17.10.2014 - Unter den deutschen Wirtschaftsforschungsinstituten mit einflussreichen Ökonomen ist das Potsdam-Institut für Klimafolgenforschung (PIK) erstmals unter den wichtigsten Zehn platziert worden. Oft wird der Klimawandel als Thema allein der Naturwissenschaften gesehen. Die Frankfurter Allgemeine Zeitung aber hat nun das PIK auch als Wirtschaftsinstitut bewertet. Hierbei erreichte es den siebten Rang, noch vor einer ganzen Reihe bekannter anderer Häuser. Erstplatzierter ist das Deutsche Institut für Wirtschaftsforschung.

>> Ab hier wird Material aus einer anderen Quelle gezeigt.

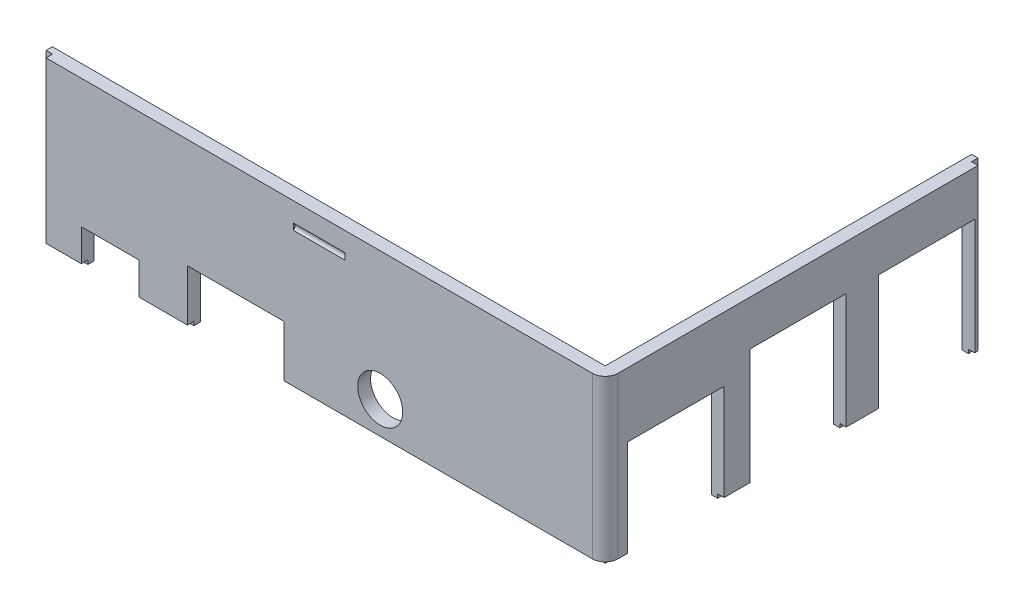
from build123d import *

# Parameters (mm, degrees)
P_IDAT_VYSUNUT_M1_DEPTH  = 25
SKICA2_W                 = 86
SKICA2_H                 = 1
P_IDAT_VYSUNUT_M2_DEPTH  = 0.6
ODEBRAT_VYSUNUT_M1_REACH = 110.858
SKICA5_R                 = 3.5
SKICA5_W                 = 9
SKICA5_H                 = 5.6
SKICA5_W_2               = 15
SKICA5_H_2               = 8.6
ODEBRAT_VYSUNUT_M2_REACH = 110.858
SKICA6_W                 = 15
SKICA6_H                 = 15.6
SKICA6_H_2               = 18.6
FILLET1_R                = 2
CUT_EXTRUDE1_START       = -40.5
CUT_EXTRUDE1_DEPTH       = 8


with BuildPart() as part:
    # Skica1 → Přidat vysunutím1 (new body)
    with BuildSketch(Plane(origin=(0, 0, 0), x_dir=(1, 0, 0), z_dir=(0, 1, 0))):
        Polygon((1, 1), (1, 0), (88, 0), (88, 58), (87, 58), (87, 59), (86, 59), (86, 2), (0, 2), (0, 1), align=None)
    extrude(amount=P_IDAT_VYSUNUT_M1_DEPTH)

    # Skica2 → Přidat vysunutím2 (add)
    with BuildSketch(Plane.XZ):
        with Locations((43, -1.5)):
            Rectangle(SKICA2_W, SKICA2_H)
        Polygon((87, -1), (86, -1), (86, -2), (86, -59), (87, -59), align=None)
    extrude(amount=P_IDAT_VYSUNUT_M2_DEPTH)

    # Skica5 → Odebrat vysunutím1 (cut, up to next)
    with BuildSketch(Plane.XY, mode=Mode.PRIVATE) as odebrat_vysunut_m1_sk1:
        with Locations((53, 5)):
            Circle(SKICA5_R)
    odebrat_vysunut_m1_tool1 = extrude(odebrat_vysunut_m1_sk1.sketch, amount=-ODEBRAT_VYSUNUT_M1_REACH, mode=Mode.PRIVATE) & part.part
    # Skica5 → Odebrat vysunutím1 (cut, up to next)
    with BuildSketch(Plane.XY, mode=Mode.PRIVATE) as odebrat_vysunut_m1_sk2:
        with Locations((11, 2.2)):
            Rectangle(SKICA5_W, SKICA5_H)
    odebrat_vysunut_m1_tool2 = extrude(odebrat_vysunut_m1_sk2.sketch, amount=-ODEBRAT_VYSUNUT_M1_REACH, mode=Mode.PRIVATE) & part.part
    # Skica5 → Odebrat vysunutím1 (cut, up to next)
    with BuildSketch(Plane.XY, mode=Mode.PRIVATE) as odebrat_vysunut_m1_sk3:
        with Locations((30.5, 3.7)):
            Rectangle(SKICA5_W_2, SKICA5_H_2)
    odebrat_vysunut_m1_tool3 = extrude(odebrat_vysunut_m1_sk3.sketch, amount=-ODEBRAT_VYSUNUT_M1_REACH, mode=Mode.PRIVATE) & part.part
    add(odebrat_vysunut_m1_tool1.solids().sort_by_distance((53, 5, 0))[0], mode=Mode.SUBTRACT)
    add(odebrat_vysunut_m1_tool2.solids().sort_by_distance((11, 2.2, 0))[0], mode=Mode.SUBTRACT)
    add(odebrat_vysunut_m1_tool3.solids().sort_by_distance((30.5, 3.7, 0))[0], mode=Mode.SUBTRACT)

    # Skica6 → Odebrat vysunutím2 (cut, up to next)
    with BuildSketch(Plane(origin=(88, 0, 0), x_dir=(0, 0, -1), z_dir=(1, 0, 0)), mode=Mode.PRIVATE) as odebrat_vysunut_m2_sk1:
        with Locations((11, 7.2)):
            Rectangle(SKICA6_W, SKICA6_H)
    odebrat_vysunut_m2_tool1 = extrude(odebrat_vysunut_m2_sk1.sketch, amount=-ODEBRAT_VYSUNUT_M2_REACH, mode=Mode.PRIVATE) & part.part
    # Skica6 → Odebrat vysunutím2 (cut, up to next)
    with BuildSketch(Plane(origin=(88, 0, 0), x_dir=(0, 0, -1), z_dir=(1, 0, 0)), mode=Mode.PRIVATE) as odebrat_vysunut_m2_sk2:
        with Locations((50, 8.7)):
            Rectangle(SKICA6_W, SKICA6_H_2)
    odebrat_vysunut_m2_tool2 = extrude(odebrat_vysunut_m2_sk2.sketch, amount=-ODEBRAT_VYSUNUT_M2_REACH, mode=Mode.PRIVATE) & part.part
    # Skica6 → Odebrat vysunutím2 (cut, up to next)
    with BuildSketch(Plane(origin=(88, 0, 0), x_dir=(0, 0, -1), z_dir=(1, 0, 0)), mode=Mode.PRIVATE) as odebrat_vysunut_m2_sk3:
        with Locations((30, 8.7)):
            Rectangle(SKICA6_W, SKICA6_H_2)
    odebrat_vysunut_m2_tool3 = extrude(odebrat_vysunut_m2_sk3.sketch, amount=-ODEBRAT_VYSUNUT_M2_REACH, mode=Mode.PRIVATE) & part.part
    add(odebrat_vysunut_m2_tool1.solids().sort_by_distance((88, 7.2, -11))[0], mode=Mode.SUBTRACT)
    add(odebrat_vysunut_m2_tool2.solids().sort_by_distance((88, 8.7, -50))[0], mode=Mode.SUBTRACT)
    add(odebrat_vysunut_m2_tool3.solids().sort_by_distance((88, 8.7, -30))[0], mode=Mode.SUBTRACT)

    # Fillet1
    fillet1_edges = [part.edges().sort_by_distance(p)[0] for p in [
        (88, 12.5, 0),
    ]]
    fillet(fillet1_edges, radius=FILLET1_R)

    # Sketch1 → Cut-Extrude1 (cut)
    with BuildSketch(Plane(origin=(88, 0, 0), x_dir=(0, 0, -1), z_dir=(1, 0, 0)).offset(CUT_EXTRUDE1_START)):
        with BuildLine():
            ThreePointArc((0, 21), (0.240312424, 21.5), (0, 22))
            Line((0, 22), (0, 21.5))
            Line((0, 21.5), (0, 21))
        make_face()
    extrude(amount=-CUT_EXTRUDE1_DEPTH, mode=Mode.SUBTRACT)


solid = part.part

Top-Ten-Platzierung unter Instituten für Wirtschaftsforschung

Ökonomie des Klimawandels: Der Ausstoß von Treibhausgasen aufgegliedert nach Ländergruppen und Wirtschaftsbranchen. Grafik aus Edenhofers Arbeitsgruppe III des Weltklimarats IPCC, aus dem Fünften Sachstandsbericht

Entscheidend für das gute Abschneiden war der PIK-Chefökonom Ottmar Edenhofer. Als – laut Definition der Zeitung – „einflussreicher Ökonom“ kann er nicht nur als Autor zahlreicher stark zitierter Studien gelten, sondern auch wegen seiner Rolle als Ko-Vorsitzender der Arbeitsgruppe zum Klimaschutz im Weltklimarat IPCC. Unter den Universitäten mit den einflussreichsten Ökonomen gelangte die Technische Universität auf den zweiten Platz – unter anderem, weil Edenhofer dort lehrt. Er war zuvor bereits in einem Ranking unter den wichtigsten deutschen Wirtschaftsforschern aufgeführt worden.